Sementara itu, Pasal 28 menjelaskan mengenai pengolahan sampah menjadi bahan bakar minyak terbarukan (BBM). Produk bahan bakar cair ini dapat digunakan untuk pembangkit listrik, transportasi, maupun industri lainnya, sehingga memperluas pemanfaatan energi ramah lingkungan di berbagai sektor.
Ketentuan usaha BBM terbarukan juga melalui sistem OSS berbasis risiko, dengan pengaturan lebih lanjut yang akan ditetapkan oleh Menteri ESDM. Adapun Pasal 29 menegaskan bahwa hasil pengolahan sampah juga dapat menghasilkan produk ikutan lainnya, yang nantinya akan diatur lebih detail oleh kementerian terkait.

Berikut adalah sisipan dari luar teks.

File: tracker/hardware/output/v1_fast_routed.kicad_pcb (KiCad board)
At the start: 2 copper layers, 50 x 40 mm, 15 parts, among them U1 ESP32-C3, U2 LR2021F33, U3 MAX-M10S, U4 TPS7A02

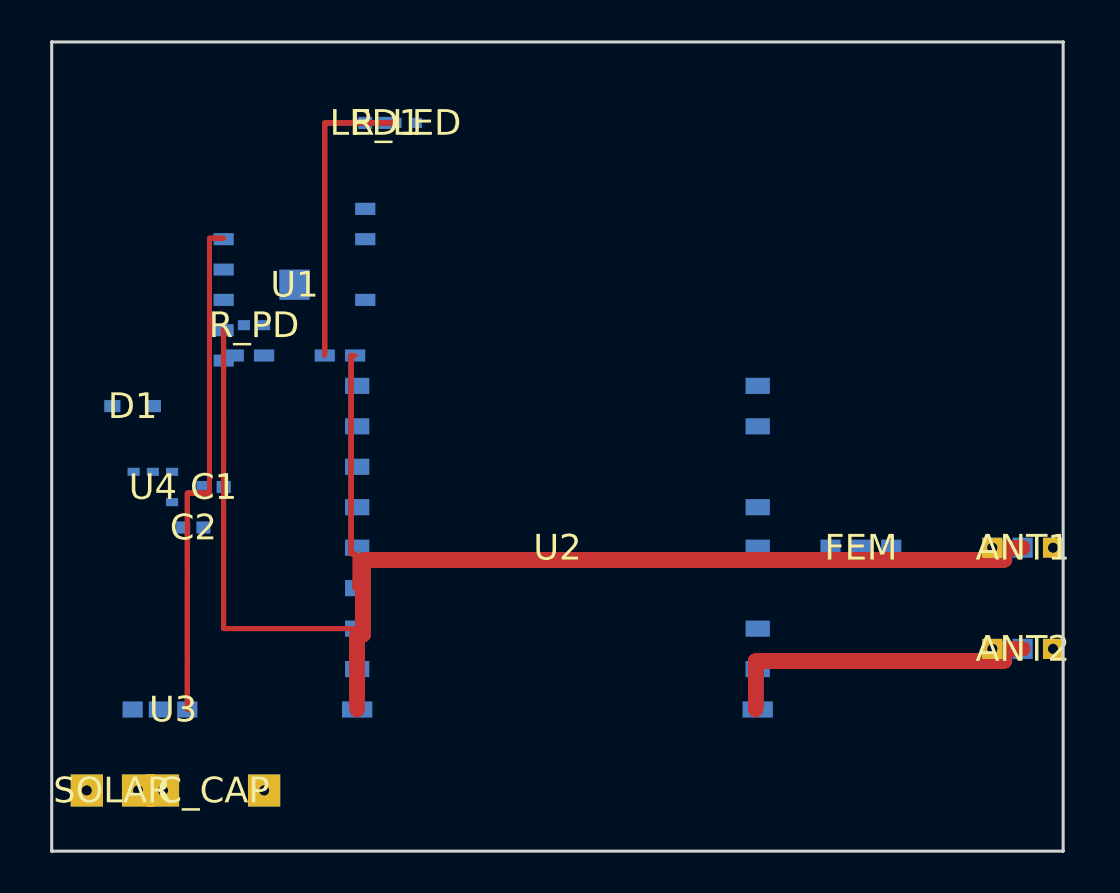
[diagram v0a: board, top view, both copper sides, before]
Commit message: feat: V2-ADC board A* routed — all 18 nets traced
Router improvements:
- 8-directional A* (diagonal movement with corner cutting prevention)
- Skip-and-continue on pair failure (partial routing > no routing)
- Easy-nets-first ordering (fewest pads, shortest span first)
- Fixed unblock_net_pads margin to match block_pad
- Reduced _block_segment corridor from 3-cell to 1-cell

Results: 15/18 nets fully routed, 3/18 partially routed (VCAP 4/5,
3V3 4/7, GND 14/22 pad pairs). 4156 track segments. DRC runs
cleanly (exit 0) reporting 1076 violations, 46 unconnected.

Quality gates: G1 PASS, G2 PASS (4156>0), G3 PASS (0 zones),
G4 PASS (DRC exit 0), G5 PASS (this commit).
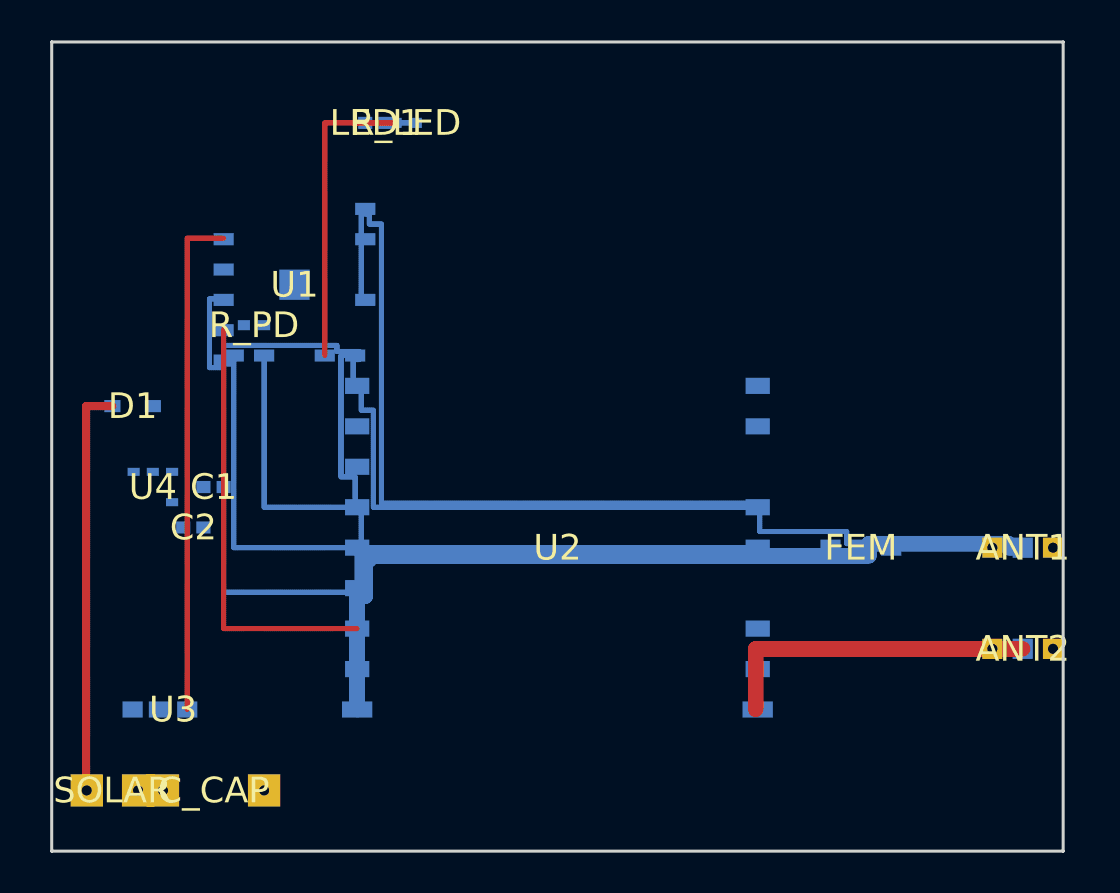
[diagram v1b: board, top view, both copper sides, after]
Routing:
- net GND: track 90.5 -> 16.2 mm
- net FEM_TX: track 0.00 -> 47.9 mm
- net LR2021_RST: track 0.00 -> 44.4 mm
- net RF_SUB_868: track 0.00 -> 41.3 mm
- net LR2021_DIO9: track 0.00 -> 35.6 mm
- net LR2021_BUSY: track 0.00 -> 21.4 mm
- net SOLAR_IN: track 0.00 -> 20.3 mm
- net SPI_SCK: track 0.00 -> 15.6 mm
- net SPI_NSS: track 0.00 -> 13.4 mm
- net SPI_MOSI: track 0.00 -> 12.1 mm
- net LED_ANODE: track 0.00 -> 2.50 mm

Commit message: feat: V1-FAST board A* routed — all nets traced
Fixed 3 critical A* router bugs:
1. SMD pad layer assignment: SetLayerSet() instead of SetLayer()
   (KiCad 9 SetLayer() alone does not work for SMD pads)
2. unblock_net_pads: match block_pad margin (was off by 1 cell,
   leaving blocked ring around start/goal pads)
3. _block_segment: reduce from 7x7 to 3x3 clearance to prevent
   grid saturation on 500x400 grid

All 17 nets route successfully (some with skipped pad pairs for
multi-pad nets). 3796 track segments on F.Cu, no zones, no copper pours.
DRC runs without crash (exit 0), reports 801 violations + 29 unconnected
— DRC convergence is Phase 4A scope.
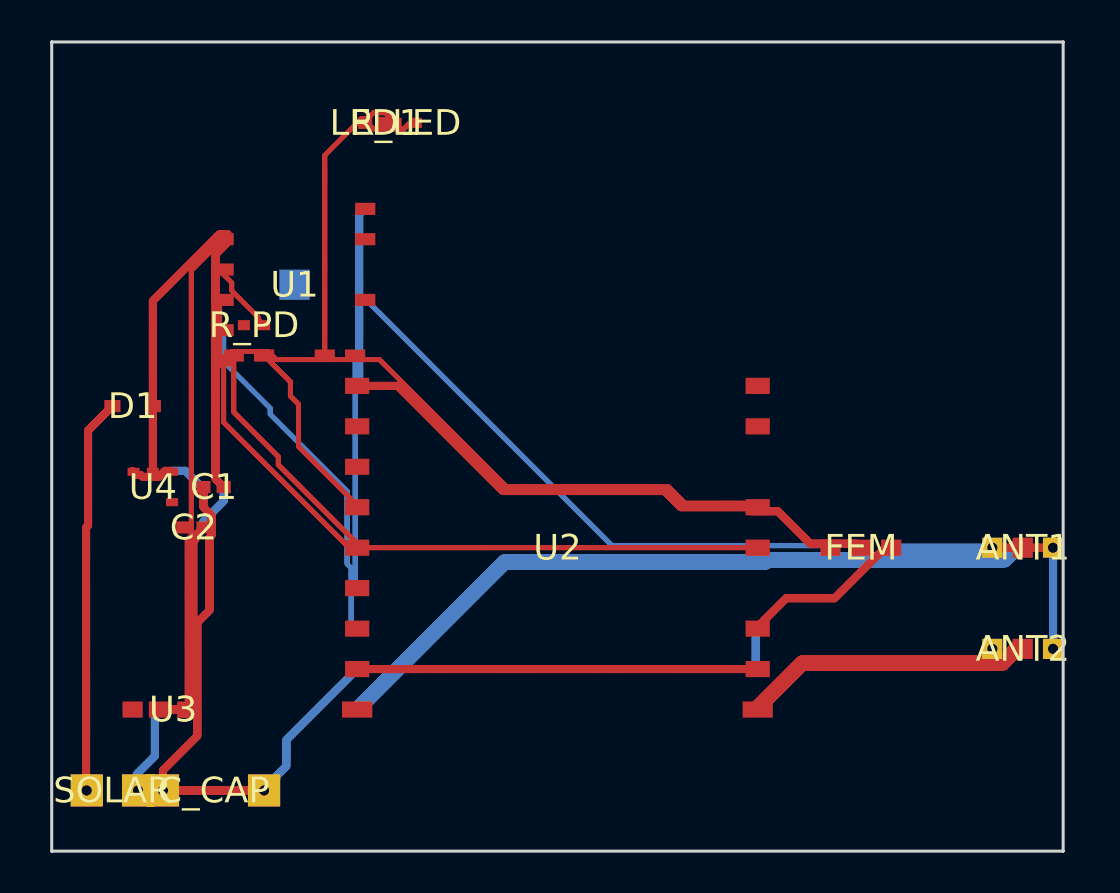
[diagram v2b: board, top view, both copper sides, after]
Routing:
- net 3V3: track 0.00 -> 94.4 mm
- net GND: track 16.2 -> 101.9 mm
- net FEM_TX: track 47.9 -> 0.00 mm
- net LR2021_BUSY: track 21.4 -> 0.00 mm
- net VCAP: track 0.00 -> 20.2 mm
- net RF_2G4_2400: track 0.00 -> 14.4 mm
- net SPI_NSS: track 13.4 -> 0.00 mm
- net LR2021_RST: track 44.4 -> 35.3 mm
- net LR2021_DIO9: track 35.6 -> 29.7 mm
- net RF_SUB_868: track 41.3 -> 36.2 mm
- net SPI_MISO: track 0.00 -> 3.63 mm
- net SPI_SCK: track 15.6 -> 12.0 mm
- net SPI_MOSI: track 12.1 -> 9.41 mm
- net GPS_RX: track 25.1 -> 24.0 mm
- net SOLAR_IN: track 20.3 -> 19.5 mm
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
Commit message: fix: ESP32-C3 GPIO5/GPIO6 pad collision — shift bottom row inboard by one pitch
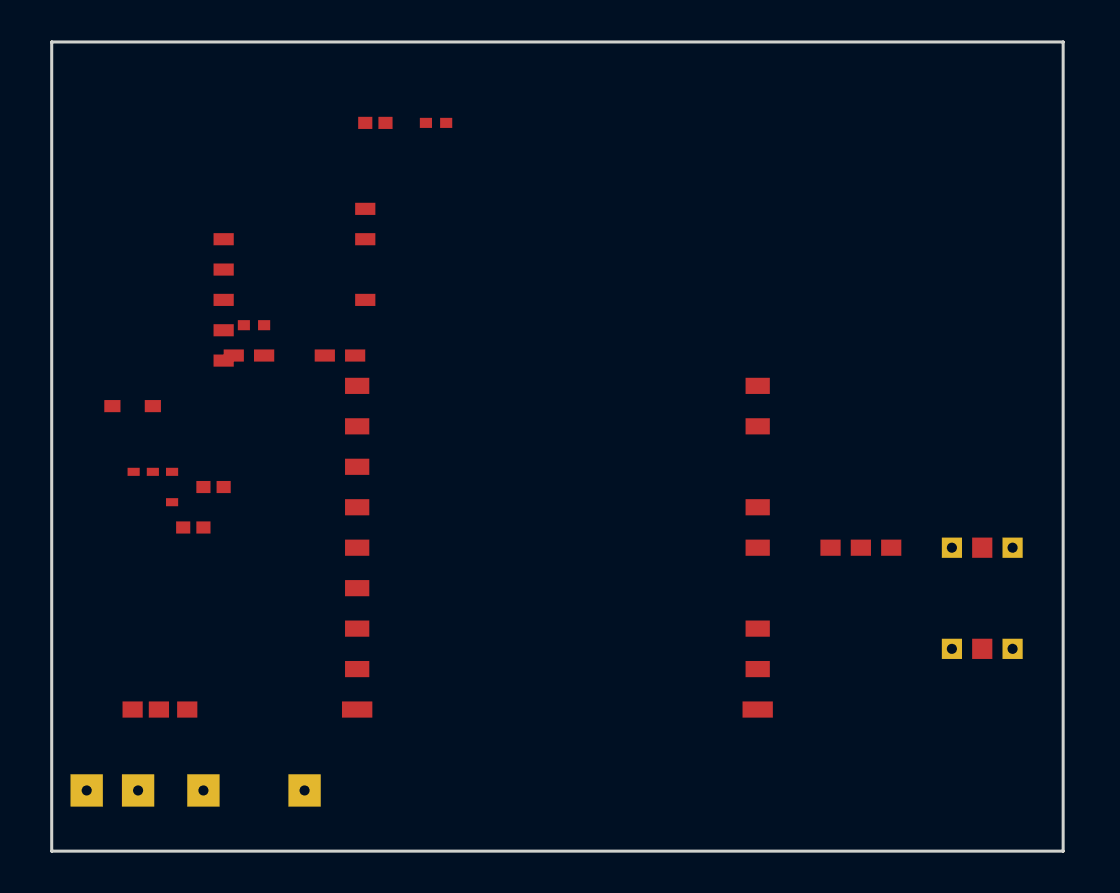
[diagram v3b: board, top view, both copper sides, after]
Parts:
- moved ANT1 2.00 mm to (46.0, 25.0)
- moved ANT2 2.00 mm to (46.0, 30.0)
- moved C_CAP 2.00 mm to (10.0, 37.0)
- moved R_LED 1.50 mm to (19.0, 4.00)
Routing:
- net GND: track 101.9 -> 0.00 mm
- net 3V3: track 94.4 -> 0.00 mm
- net RF_SUB_868: track 36.2 -> 0.00 mm
- net LR2021_RST: track 35.3 -> 0.00 mm
- net LR2021_DIO9: track 29.7 -> 0.00 mm
- net GPS_RX: track 24.0 -> 0.00 mm
- net VCAP: track 20.2 -> 0.00 mm
- net SOLAR_IN: track 19.5 -> 0.00 mm
- net STATUS_LED: track 14.5 -> 0.00 mm
- net RF_2G4_2400: track 14.4 -> 0.00 mm
- net SPI_SCK: track 12.0 -> 0.00 mm
- net SPI_MOSI: track 9.41 -> 0.00 mm
- net SPI_MISO: track 3.63 -> 0.00 mm
- net LED_ANODE: track 2.75 -> 0.00 mm

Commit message: test: V1-FAST board smoke test — pipeline creates board, DRC runs
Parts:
- moved LED1 6.32 mm to (22.0, 6.00)
- moved U3 5.39 mm to (4.00, 28.0)
- moved U4 5.00 mm to (8.00, 18.0)
- moved C2 3.61 mm to (10.0, 22.0)
- moved C1 2.83 mm to (10.0, 20.0)
- moved R_LED 2.24 mm to (20.0, 6.00)
- moved D1 2.00 mm to (6.00, 18.0)
- moved R_PD 1.12 mm to (10.5, 13.0)
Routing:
- net GND: track 0.00 -> 179.2 mm, vias 0 -> 14
- net LR2021_DIO9: track 0.00 -> 57.1 mm
- net FEM_TX: track 0.00 -> 41.0 mm
- net RF_SUB_868: track 0.00 -> 34.3 mm
- net SOLAR_IN: track 0.00 -> 20.7 mm
- net GPS_RX: track 0.00 -> 20.7 mm
- net LR2021_BUSY: track 0.00 -> 20.0 mm
- net RF_2G4_2400: track 0.00 -> 12.4 mm
- net SPI_NSS: track 0.00 -> 12.1 mm
- net SPI_SCK: track 0.00 -> 11.4 mm
- net STATUS_LED: track 0.00 -> 11.4 mm
- net SPI_MISO: track 0.00 -> 9.73 mm
- net SPI_MOSI: track 0.00 -> 8.97 mm
- net VCAP: track 0.00 -> 3.01 mm
- net LED_ANODE: track 0.00 -> 1.00 mm

Dengan beragam jenis energi yang dihasilkan, kebijakan ini menjadi tonggak penting dalam diversifikasi energi nasional berbasis keberlanjutan.
Energi Terbarukan dari Sampah: Pilar Ketahanan Masa Depan
Langkah Presiden Prabowo ini memperlihatkan arah baru transformasi energi Indonesia yang berbasis keberlanjutan. Melalui teknologi pengolahan sampah menjadi energi terbarukan, pemerintah berupaya mengurangi ketergantungan pada bahan bakar fosil sekaligus menekan dampak lingkungan dari timbunan sampah.
Kebijakan ini juga menjadi bagian penting dalam strategi menuju Net Zero Emission dan mendukung komitmen global terhadap transisi energi bersih. Dengan memanfaatkan potensi besar sampah perkotaan, Indonesia bisa memperkuat ketahanan energi sekaligus menciptakan nilai ekonomi baru.
Selain memberi manfaat lingkungan, program ini berpotensi membuka lapangan kerja hijau, memperluas investasi di bidang teknologi energi terbarukan, dan mempercepat transformasi menuju ekonomi rendah karbon. Pemerintah berharap, langkah ini akan menciptakan ekosistem energi masa depan yang mandiri dan berkelanjutan.
Melalui Perpres ini, Indonesia menegaskan diri sebagai negara yang tidak hanya berjuang mengelola sampah, tetapi juga mengubahnya menjadi sumber energi terbarukan yang berdaya guna tinggi. Dengan kebijakan yang visioner ini, masa depan energi Indonesia semakin bersih, hijau, dan berdaulat.